India has made major progress in improving control of visceral leishmaniasis (VL) in recent years, in part through shortening the time infectious patients remain untreated. Active case detection decreases the time from VL onset to diagnosis and treatment, but requires substantial human resources. Targeting approaches are therefore essential to feasibility.
We analyzed data from the Kala-azar Management Information System (KAMIS), using village-level VL cases over specific time intervals to predict risk in subsequent years. We also graphed the time between cases in villages and examined how these patterns track with village-level risk of additional cases across the range of cumulative village case-loads. Finally, we assessed the trade-off between ACD effort and yield.
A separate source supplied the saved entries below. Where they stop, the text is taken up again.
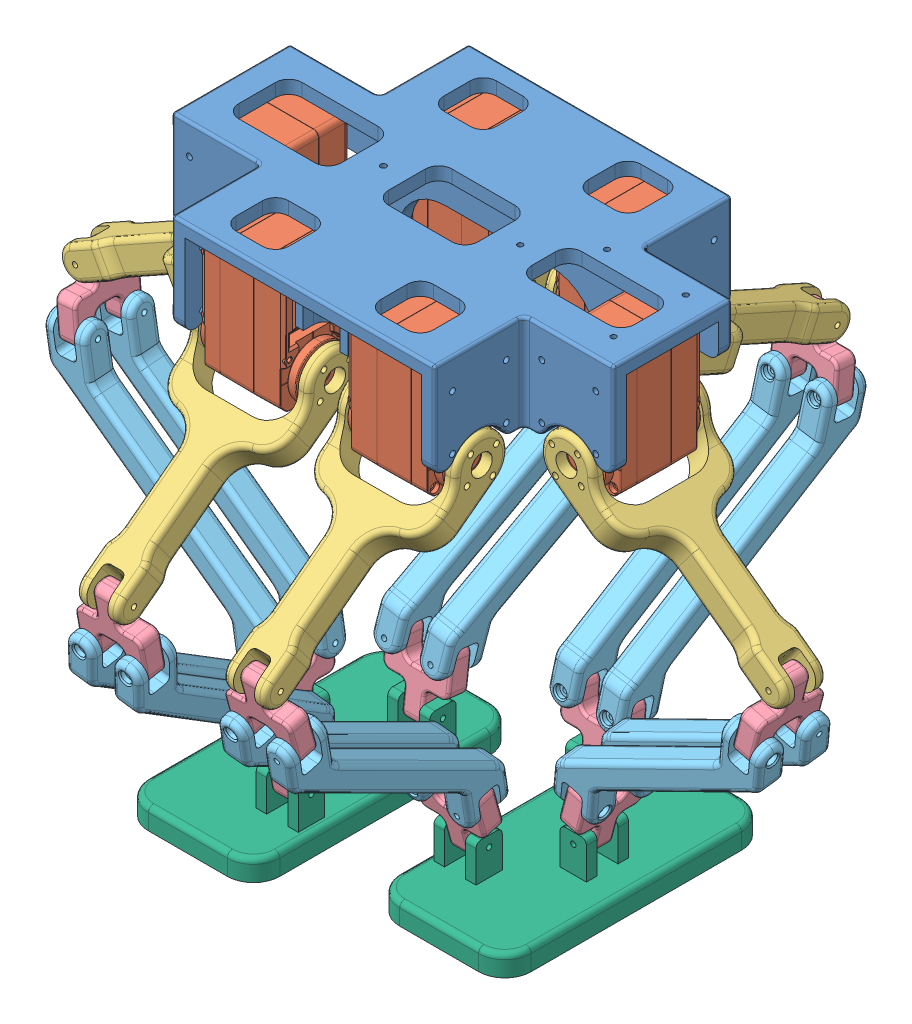
SolidWorks assembly bluebody, configuration Default. Lengths in mm.
Overall size (288.92 219.35 236.14).
42 component instances, 6 part files, 69 mates.
Components (placement in the parent):
- link0-1: link0 [Default] x (1 0 0) z (0 0 -1) size (168 59.68 113)
  - platform-v4-1: platform-v4 [Default] at (0 36.8 -17.5) x (-1 0 0) z (0 0 1) size (168 36.8 113)
  - Servo-LX-16A-1: Servo-LX-16A [Default] at (37.5 14.825 39.5) x (0 -1 0) z (0 0 1) size (54.66 37.3 26.46)
  - Servo-LX-16A-2: Servo-LX-16A [Default] at (-37.5 14.825 39.5) x (0 -1 0) z (0 0 -1) size (54.66 37.3 26.46)
  - Servo-LX-16A-3: Servo-LX-16A [Default] at (-67 14.825 -10) x (0 -1 0) z (1 0 0) size (54.66 37.3 26.46)
  - Servo-LX-16A-4: Servo-LX-16A [Default] at (-37.5 14.825 -39.5) x (0 -1 0) z (0 0 -1) size (54.66 37.3 26.46)
  - Servo-LX-16A-5: Servo-LX-16A [Default] at (37.5 14.825 -39.5) x (0 -1 0) z (0 0 1) size (54.66 37.3 26.46)
  - Servo-LX-16A-6: Servo-LX-16A [Default] at (67 14.825 -10) x (0 -1 0) z (1 0 0) size (54.66 37.3 26.46)
- link1-1: link1 [Default] at (27.9 -67.623 69.0097) x (0 0.602649 -0.798007) z (1 0 0) size (96 20 46.12)
- link1-2: link1 [Default] at (96.7069 -67.4082 0.4) x (-0.802358 0.596844 0) z (0 0 -1) size (96 20 46.12)
- link1-3: link1 [Default] at (27.9 -60.4464 -74.3013) x (0 0.411912 0.911223) z (-1 0 0) size (96 20 46.12)
- link1-4: link1 [Default] at (-27.9 -65.1405 -71.1258) x (0 0.535964 0.844241) z (-1 0 0) size (96 20 46.12)
- link1-5: link1 [Default] at (-99.9673 -63.3285 0.4) x (0.872961 0.48779 0) z (0 0 1) size (96 20 46.12)
- link1-6: link1 [Default] at (-27.9 -67.6197 69.0127) x (0 0.60256 -0.798074) z (1 0 0) size (96 20 46.12)
- link2-1: link2 [Default] at (27.9 -93.6553 100.3923) x (1 0 0) z (0 0.268825 -0.963189) size (25.2 28 7.6)
- link2-2: link2 [Default] at (128.2856 -93.2143 0.4) x (0 0 1) z (0.966195 -0.257814 0) size (25.2 28 7.6)
- link2-3: link2 [Default] at (27.9 -78.9149 -110.5714) x (1 0 0) z (0 -0.08941 -0.995995) size (25.2 28 7.6)
- link2-4: link2 [Default] at (-27.9 -88.5648 -104.657) x (1 0 0) z (0 -0.119223 -0.992868) size (25.2 28 7.6)
- link2-5: link2 [Default] at (-134.7236 -84.8335 0.4) x (0 0 -1) z (-0.99671 -0.08105 0) size (25.2 28 7.6)
- link2-6: link2 [Default] at (-27.9 -93.6878 100.5668) x (1 0 0) z (0 0.184429 -0.982846) size (25.2 28 7.6)
- link3-1: link3 [Default] at (8.3118 -142.3201 55.6635) x (0 0.268825 -0.963189) z (0.990297 -0.133854 -0.037359) size (76 94 10)
- link3-2: link3 [Default] at (25.9118 -142.3201 55.6635) x (0 -0.268825 0.963189) z (0.990297 -0.133854 -0.037359) size (76 94 10)
- link3-3: link3 [Default] at (83.7779 -143.6502 6.4272) x (-0.966195 0.257814 0) z (0.047194 0.176866 -0.983103) size (76 94 10)
- link3-4: link3 [Default] at (83.7779 -143.6502 -11.1728) x (0.966195 -0.257814 0) z (0.047194 0.176866 -0.983103) size (76 94 10)
- link3-5: link3 [Default] at (35.8148 -136.2784 -75.3013) x (0 -0.08941 -0.995995) z (-0.990297 0.138413 -0.012425) size (76 94 10)
- link3-6: link3 [Default] at (18.2148 -136.2784 -75.3013) x (0 -0.08941 -0.995995) z (-0.990297 0.138413 -0.012425) size (76 94 10)
- link3-7: link3 [Default] at (-21.2469 -144.8005 -67.6887) x (0 0.119223 0.992868) z (-0.985708 0.167261 -0.020085) size (76 94 10)
- link3-8: link3 [Default] at (-38.8469 -144.8005 -67.6887) x (0 0.119223 0.992868) z (-0.985708 0.167261 -0.020085) size (76 94 10)
- link3-9: link3 [Default] at (-99.9976 -141.7338 -16.4283) x (0.99671 0.08105 0) z (0.005869 -0.072177 0.997375) size (76 94 10)
- link3-10: link3 [Default] at (-99.9976 -141.7338 1.1717) x (0.99671 0.08105 0) z (0.005869 -0.072177 0.997375) size (76 94 10)
- link3-11: link3 [Default] at (-48.7039 -145.7078 60.2817) x (0 0.184429 -0.982846) z (0.985708 -0.165572 -0.031069) size (76 94 10)
- link3-12: link3 [Default] at (-31.1039 -145.7078 60.2817) x (0 0.184429 -0.982846) z (0.985708 -0.165572 -0.031069) size (76 94 10)
- bluefeet-1: bluefeet [Default] at (30.2265 -212.2498 -14.9766) x (0 0 -1) z (1 0 0) size (100 42.24 51.6) (flexible)
  - feet-1: feet [Default] at origin size (100 22 50)
  - link2-1: link2 [Default] at (-25.5376 19.9264 -14) x (0 0 -1) z (0.963189 0.268825 0) size (25.2 28 7.6)
  - link2-2: link2 [Default] at (0 19.9324 9.5156) x (1 0 0) z (0 -0.257814 0.966195) size (25.2 28 7.6)
  - link2-3: link2 [Default] at (25.1788 19.992 -14) x (0 0 -1) z (0.995995 -0.08941 0) size (25.2 28 7.6)
- bluefeet-2: bluefeet [Default] at (-56.0508 -219.3493 -5.6829) x (0 0 1) z (-1 0 0) size (100 42.29 51.6) (flexible)
  - feet-1: feet [Default] at origin size (100 22 50)
  - link2-1: link2 [Default] at (-25.2384 19.9857 -14) x (0 0 -1) z (0.992868 0.119223 0) size (25.2 28 7.6)
  - link2-2: link2 [Default] at (0 19.9934 9.1621) x (1 0 0) z (0 -0.08105 0.99671) size (25.2 28 7.6)
  - link2-3: link2 [Default] at (25.3689 19.9657 -14) x (0 0 -1) z (0.982846 -0.184429 0) size (25.2 28 7.6)
Mates (geometry in assembly coordinates):
- Coincident1: coincident aligned: plane of link0-1/platform-v4-1 through (0 0 17.5) normal (0 1 0)
- Coincident2: coincident anti-aligned: plane of link0-1/platform-v4-1 through (0 -36.8 17.5) normal (-1 0 0)
- Coincident4: coincident anti-aligned: plane of link0-1/platform-v4-1 through (0 -36.8 0) normal (0 0 -1)
- Concentric1: concentric aligned: cylinder of link0-1/Servo-LX-16A-5 through (46.6 -40.325 39.5) axis (1 0 0) radius 10; cylinder of link1-1 through (4.9 -40.325 39.5) axis (1 0 0) radius 4
- Distance1: distance = 0.9 mm anti-aligned: plane of link0-1/Servo-LX-16A-5 through (46 -29.3267 39.5) normal (1 0 0); plane of link1-1 through (46.9 -49.2688 82.8706) normal (-1 0 0)
- Concentric2: concentric anti-aligned: cylinder of link0-1/Servo-LX-16A-6 through (67 -40.325 -14.6) axis (0 0 1) radius 10; cylinder of link1-2 through (67 -40.325 23.4) axis (0 0 -1) radius 4
- Distance2: distance = 0.9 mm anti-aligned: plane of link1-2 through (110.4343 -48.954 -18.6) normal (0 0 1); plane of link0-1/Servo-LX-16A-6 through (86.9 -79.4276 -17.7) normal (0 0 -1)
- Concentric3: concentric anti-aligned: cylinder of link0-1/Servo-LX-16A-1 through (46.6 -40.325 -39.5) axis (1 0 0) radius 10; cylinder of link1-3 through (50.9 -40.325 -39.5) axis (-1 0 0) radius 4
- Distance3: distance = 0.9 mm anti-aligned: plane of link1-3 through (8.9 -39.4882 -83.7753) normal (1 0 0); plane of link0-1/Servo-LX-16A-1 through (9.8 -79.4276 -59.4) normal (-1 0 0)
- Concentric4: concentric aligned: cylinder of link0-1/Servo-LX-16A-2 through (-46.6 -40.325 -39.5) axis (-1 0 0) radius 10; cylinder of link1-4 through (-4.9 -40.325 -39.5) axis (-1 0 0) radius 4
- Distance4: distance = 0.9 mm anti-aligned: plane of link1-4 through (-8.9 -45.723 -83.453) normal (-1 0 0); plane of link0-1/Servo-LX-16A-2 through (-9.8 -79.4276 -19.6) normal (1 0 0)
- Concentric5: concentric aligned: cylinder of link0-1/Servo-LX-16A-3 through (-67 -40.325 19.1) axis (0 0 1) radius 10; cylinder of link1-5 through (-67 -40.325 -22.6) axis (0 0 1) radius 4
- Distance5: distance = 0.9 mm anti-aligned: plane of link1-5 through (-111.1864 -43.2503 -18.6) normal (0 0 1); plane of link0-1/Servo-LX-16A-3 through (-47.1 -79.4276 -17.7) normal (0 0 -1)
- Concentric6: concentric anti-aligned: cylinder of link1-6 through (-50.9 -40.325 39.5) axis (1 0 0) radius 4; cylinder of link0-1/Servo-LX-16A-4 through (-46.6 -40.325 39.5) axis (-1 0 0) radius 10
- Distance6: distance = 0.9 mm anti-aligned: plane of link1-6 through (-8.9 -49.264 82.8716) normal (-1 0 0); plane of link0-1/Servo-LX-16A-4 through (-9.8 -79.4276 59.4) normal (1 0 0)
- Concentric7: concentric aligned: cylinder of link1-1 through (4.9 -91.7289 100.9299) axis (1 0 0) radius 1; cylinder of link2-1 through (24.1 -91.7289 100.9299) axis (1 0 0) radius 1.15
- Distance7: distance = 0.2 mm anti-aligned: plane of link2-1 through (31.7 -94.6768 104.0524) normal (1 0 0); plane of link1-1 through (31.9 -49.2688 82.8706) normal (-1 0 0)
- Concentric8: concentric anti-aligned: cylinder of link1-2 through (128.8012 -91.2819 23.4) axis (0 0 -1) radius 1; cylinder of link2-2 through (128.8012 -91.2819 -3.4) axis (0 0 1) radius 1.15
- Distance8: distance = 0.2 mm anti-aligned: plane of link2-2 through (124.6141 -92.2346 -3.4) normal (0 0 -1); plane of link1-2 through (110.4343 -48.954 -3.6) normal (0 0 1)
- Concentric9: concentric anti-aligned: cylinder of link1-3 through (50.9 -76.9229 -110.7502) axis (-1 0 0) radius 1; cylinder of link2-3 through (24.1 -76.9229 -110.7502) axis (1 0 0) radius 1.15
- Distance9: distance = 0.2 mm anti-aligned: plane of link2-3 through (31.7 -78.5751 -106.7866) normal (1 0 0); plane of link1-3 through (31.9 -39.4882 -83.7753) normal (-1 0 0)
- Concentric10: concentric anti-aligned: cylinder of link1-4 through (-4.9 -86.579 -104.8954) axis (-1 0 0) radius 1; cylinder of link2-4 through (-31.7 -86.579 -104.8954) axis (1 0 0) radius 1.15
- Distance10: distance = 0.2 mm anti-aligned: plane of link2-4 through (-31.7 -88.1117 -100.8841) normal (-1 0 0); plane of link1-4 through (-31.9 -45.723 -83.453) normal (1 0 0)
- Concentric11: concentric anti-aligned: cylinder of link1-5 through (-134.8857 -82.8401 -22.6) axis (0 0 1) radius 1; cylinder of link2-5 through (-134.8857 -82.8401 4.2) axis (0 0 -1) radius 1.15
- Distance11: distance = 0.2 mm anti-aligned: plane of link2-5 through (-130.9361 -84.5255 -3.4) normal (0 0 -1); plane of link1-5 through (-111.1864 -43.2503 -3.6) normal (0 0 1)
- Concentric12: concentric aligned: cylinder of link1-6 through (-50.9 -91.7221 100.9356) axis (1 0 0) radius 1; cylinder of link2-6 through (-31.7 -91.7221 100.9356) axis (1 0 0) radius 1.15
- Distance12: distance = 0.2 mm anti-aligned: plane of link2-6 through (-31.7 -94.3886 104.3016) normal (-1 0 0); plane of link1-6 through (-31.9 -49.264 82.8716) normal (1 0 0)
- Concentric13: concentric aligned: cylinder of link2-1 through (19.1 -112.0142 99.2136) axis (0 0.268825 -0.963189) radius 1.15; cylinder of link3-1 through (19.1 -113.1433 103.259) axis (0 0.268825 -0.963189) radius 1
- Distance13: distance = 0.2 mm anti-aligned: plane of link3-1 through (18.2148 -152.7987 88.0383) normal (0 0.268825 -0.963189); plane of link2-1 through (27.9 -94.6768 104.0524) normal (0 -0.268825 0.963189)
- Concentric14: concentric anti-aligned: cylinder of link3-2 through (36.7 -108.8421 87.8479) axis (0 -0.268825 0.963189) radius 1; cylinder of link2-1 through (36.7 -112.0142 99.2136) axis (0 0.268825 -0.963189) radius 1.15
- Distance14: distance = 0.2 mm anti-aligned: plane of link3-2 through (35.8148 -152.7987 88.0383) normal (0 0.268825 -0.963189); plane of link2-1 through (27.9 -94.6768 104.0524) normal (0 -0.268825 0.963189)
- Concentric15: concentric anti-aligned: cylinder of link2-2 through (119.9734 -109.6261 9.2) axis (0.966195 -0.257814 0) radius 1.15; cylinder of link3-3 through (131.3745 -112.6683 9.2) axis (-0.966195 0.257814 0) radius 1
- Distance15: distance = 0.2 mm anti-aligned: plane of link3-3 through (117.1005 -150.6472 -3.4038) normal (-0.966195 0.257814 0); plane of link2-2 through (131.9571 -94.194 0.4) normal (0.966195 -0.257814 0)
- Concentric16: concentric aligned: cylinder of link2-2 through (119.9734 -109.6261 -8.4) axis (0.966195 -0.257814 0) radius 1.15; cylinder of link3-4 through (115.9154 -108.5433 -8.4) axis (0.966195 -0.257814 0) radius 1
- Distance16: distance = 0.2 mm anti-aligned: plane of link3-4 through (117.1005 -150.6472 -21.0038) normal (-0.966195 0.257814 0); plane of link2-2 through (131.9571 -94.194 0.4) normal (0.966195 -0.257814 0)
- Concentric17: concentric aligned: cylinder of link3-6 through (19.1 -96.1275 -100.9941) axis (0 -0.08941 -0.995995) radius 1; cylinder of link2-3 through (19.1 -96.503 -105.1772) axis (0 -0.08941 -0.995995) radius 1.15
- Distance17: distance = 0.2 mm anti-aligned: plane of link3-6 through (8.3118 -137.9342 -109.2893) normal (0 0.08941 0.995995); plane of link2-3 through (27.9 -79.2546 -114.3562) normal (0 -0.08941 -0.995995)
- Concentric18: concentric aligned: cylinder of link3-5 through (36.7 -96.1275 -100.9941) axis (0 -0.08941 -0.995995) radius 1; cylinder of link2-3 through (36.7 -96.503 -105.1772) axis (0 -0.08941 -0.995995) radius 1.15
- Distance18: distance = 0.2 mm anti-aligned: plane of link3-5 through (25.9118 -137.9342 -109.2893) normal (0 0.08941 0.995995); plane of link2-3 through (27.9 -79.2546 -114.3562) normal (0 -0.08941 -0.995995)
- Concentric19: concentric anti-aligned: cylinder of link2-4 through (-19.1 -105.9834 -98.7381) axis (0 -0.119223 -0.992868) radius 1.15; cylinder of link3-7 through (-19.1 -107.3902 -110.4539) axis (0 0.119223 0.992868) radius 1
- Distance19: distance = 0.2 mm anti-aligned: plane of link3-7 through (-31.1039 -146.2277 -93.7041) normal (0 -0.119223 -0.992868); plane of link2-4 through (-27.9 -88.1117 -100.8841) normal (0 0.119223 0.992868)
- Concentric20: concentric anti-aligned: cylinder of link2-4 through (-36.7 -105.9834 -98.7381) axis (0 -0.119223 -0.992868) radius 1.15; cylinder of link3-8 through (-36.7 -107.3902 -110.4539) axis (0 0.119223 0.992868) radius 1
- Distance20: distance = 0.2 mm anti-aligned: plane of link3-8 through (-48.7039 -146.2277 -93.7041) normal (0 -0.119223 -0.992868); plane of link2-4 through (-27.9 -88.1117 -100.8841) normal (0 0.119223 0.992868)
- Concentric21: concentric anti-aligned: cylinder of link2-5 through (-129.4772 -102.4663 -8.4) axis (-0.99671 -0.08105 0) radius 1.15; cylinder of link3-9 through (-141.2384 -103.4227 -8.4) axis (0.99671 0.08105 0) radius 1
- Distance21: distance = 0.2 mm anti-aligned: plane of link3-9 through (-125.8534 -144.5629 -6.4546) normal (-0.99671 -0.08105 0); plane of link2-5 through (-130.9361 -84.5255 0.4) normal (0.99671 0.08105 0)
- Concentric22: concentric anti-aligned: cylinder of link2-5 through (-129.4772 -102.4663 9.2) axis (-0.99671 -0.08105 0) radius 1.15; cylinder of link3-10 through (-141.2384 -103.4227 9.2) axis (0.99671 0.08105 0) radius 1
- Distance22: distance = 0.2 mm anti-aligned: plane of link3-10 through (-125.8534 -144.5629 11.1454) normal (-0.99671 -0.08105 0); plane of link2-5 through (-130.9361 -84.5255 0.4) normal (0.99671 0.08105 0)
- Concentric23: concentric aligned: cylinder of link2-6 through (-36.7 -112.0798 100.9819) axis (0 0.184429 -0.982846) radius 1.15; cylinder of link3-11 through (-36.7 -112.8544 105.1098) axis (0 0.184429 -0.982846) radius 1
- Distance23: distance = 0.2 mm anti-aligned: plane of link3-11 through (-38.8469 -152.1587 85.525) normal (0 -0.184429 0.982846); plane of link2-6 through (-27.9 -92.987 96.832) normal (0 0.184429 -0.982846)
- Concentric24: concentric aligned: cylinder of link2-6 through (-19.1 -112.0798 100.9819) axis (0 0.184429 -0.982846) radius 1.15; cylinder of link3-12 through (-19.1 -112.8544 105.1098) axis (0 0.184429 -0.982846) radius 1
- Distance24: distance = 0.2 mm anti-aligned: plane of link3-12 through (-21.2469 -152.1587 85.525) normal (0 -0.184429 0.982846); plane of link2-6 through (-27.9 -92.987 96.832) normal (0 0.184429 -0.982846)
- Concentric29: concentric aligned: cylinder of link3-4 through (36.6533 -172.8634 -23.7766) axis (0.966195 -0.257814 0) radius 1; cylinder of bluefeet-1/link2-2 through (40.7113 -173.9462 -23.7766) axis (0.966195 -0.257814 0) radius 1.15
- Distance26: distance = 0.2 mm anti-aligned: plane of bluefeet-1/link2-2 through (43.4137 -193.2971 -14.9766) normal (0.966195 -0.257814 0); plane of link3-4 through (59.1288 -135.1784 -21.0038) normal (-0.966195 0.257814 0)
- Concentric30: concentric anti-aligned: cylinder of link3-3 through (52.1124 -176.9884 -6.1766) axis (-0.966195 0.257814 0) radius 1; cylinder of bluefeet-1/link2-2 through (40.7113 -173.9462 -6.1766) axis (0.966195 -0.257814 0) radius 1.15
- Concentric31: concentric anti-aligned: cylinder of link3-2 through (25.0265 -172.8354 7.6944) axis (0 -0.268825 0.963189) radius 1; cylinder of bluefeet-1/link2-1 through (25.0265 -176.0076 19.0601) axis (0 0.268825 -0.963189) radius 1.15
- Distance27: distance = 0.2 mm anti-aligned: plane of link3-2 through (35.8148 -136.6692 30.247) normal (0 0.268825 -0.963189); plane of bluefeet-1/link2-1 through (16.2265 -193.345 14.2212) normal (0 -0.268825 0.963189)
- Concentric32: concentric aligned: cylinder of link3-1 through (7.4265 -177.1366 23.1054) axis (0 0.268825 -0.963189) radius 1; cylinder of bluefeet-1/link2-1 through (7.4265 -176.0076 19.0601) axis (0 0.268825 -0.963189) radius 1.15
- Concentric33: concentric aligned: cylinder of link3-5 through (25.0265 -173.6146 -33.7968) axis (0 -0.08941 -0.995995) radius 1; cylinder of bluefeet-1/link2-3 through (25.0265 -173.9902 -37.98) axis (0 -0.08941 -0.995995) radius 1.15
- Distance28: distance = 0.2 mm anti-aligned: plane of bluefeet-1/link2-3 through (16.2265 -192.5976 -43.9402) normal (0 -0.08941 -0.995995); plane of link3-5 through (25.9118 -132.5696 -49.5297) normal (0 0.08941 0.995995)
- Concentric34: concentric aligned: cylinder of link3-6 through (7.4265 -173.6146 -33.7968) axis (0 -0.08941 -0.995995) radius 1; cylinder of bluefeet-1/link2-3 through (7.4265 -173.9902 -37.98) axis (0 -0.08941 -0.995995) radius 1.15
- Concentric35: concentric anti-aligned: cylinder of link3-9 through (-74.6455 -182.0635 -14.4829) axis (0.99671 0.08105 0) radius 1; cylinder of bluefeet-2/link2-2 through (-62.8843 -181.1071 -14.4829) axis (-0.99671 -0.08105 0) radius 1.15
- Distance29: distance = 0.2 mm anti-aligned: plane of bluefeet-2/link2-2 through (-69.0004 -199.6639 -5.6829) normal (-0.99671 -0.08105 0); plane of link3-9 through (-74.0245 -140.3483 -6.4546) normal (0.99671 0.08105 0)
- Concentric36: concentric anti-aligned: cylinder of link3-10 through (-74.6455 -182.0635 3.1171) axis (0.99671 0.08105 0) radius 1; cylinder of bluefeet-2/link2-2 through (-62.8843 -181.1071 3.1171) axis (-0.99671 -0.08105 0) radius 1.15
- Concentric37: concentric aligned: cylinder of link3-8 through (-50.8508 -182.4457 -41.0103) axis (0 0.119223 0.992868) radius 1; cylinder of bluefeet-2/link2-1 through (-50.8508 -181.945 -36.8402) axis (0 0.119223 0.992868) radius 1.15
- Distance30: distance = 0.2 mm anti-aligned: plane of bluefeet-2/link2-1 through (-42.0508 -199.8166 -34.6942) normal (0 -0.119223 -0.992868); plane of link3-8 through (-48.7039 -140.0281 -42.075) normal (0 0.119223 0.992868)
- Concentric38: concentric aligned: cylinder of link3-7 through (-33.2508 -182.4457 -41.0103) axis (0 0.119223 0.992868) radius 1; cylinder of bluefeet-2/link2-1 through (-33.2508 -181.945 -36.8402) axis (0 0.119223 0.992868) radius 1.15
- Concentric39: concentric anti-aligned: cylinder of link3-11 through (-50.8508 -183.1678 30.8684) axis (0 0.184429 -0.982846) radius 1; cylinder of bluefeet-2/link2-3 through (-50.8508 -180.9916 19.2709) axis (0 -0.184429 0.982846) radius 1.15
- Distance31: distance = 0.2 mm anti-aligned: plane of link3-11 through (-38.8469 -142.5684 34.417) normal (0 0.184429 -0.982846); plane of bluefeet-2/link2-3 through (-42.0508 -200.0844 23.4208) normal (0 -0.184429 0.982846)
- Concentric40: concentric anti-aligned: cylinder of link3-12 through (-33.2508 -183.1678 30.8684) axis (0 0.184429 -0.982846) radius 1; cylinder of bluefeet-2/link2-3 through (-33.2508 -180.9916 19.2709) axis (0 -0.184429 0.982846) radius 1.15

In 2013, only 9.3% of all villages reported VL cases; this proportion shrank to 3.9% in 2019. Newly affected villages as a percentage of all affected villages decreased from 54.3% in 2014 to 23.5% in 2019, as more surveillance data accumulated and overall VL incidence declined. The risk of additional cases in a village increased with increasing cumulative incidence, reaching approximately 90% in villages with 12 cases and 100% in villages with 45 cases, but the vast majority of villages had small cumulative case numbers. The time-to-next-case decreased with increasing case-load. Using a 3-year window (2016–2018), a threshold of seven VL cases at the village level selects 329 villages and yields 23% of cases reported in 2019, while a threshold of three cases selects 1,241 villages and yields 46% of cases reported in 2019. Using a 6-year window increases both effort and yield.
Decisions on targeting must consider the trade-off between number of villages targeted and yield and will depend upon the operational efficiencies of existing programs and the feasibility of specific ACD approaches. The maintenance of a sensitive, comprehensive VL surveillance system will be crucial to preventing future VL resurgence.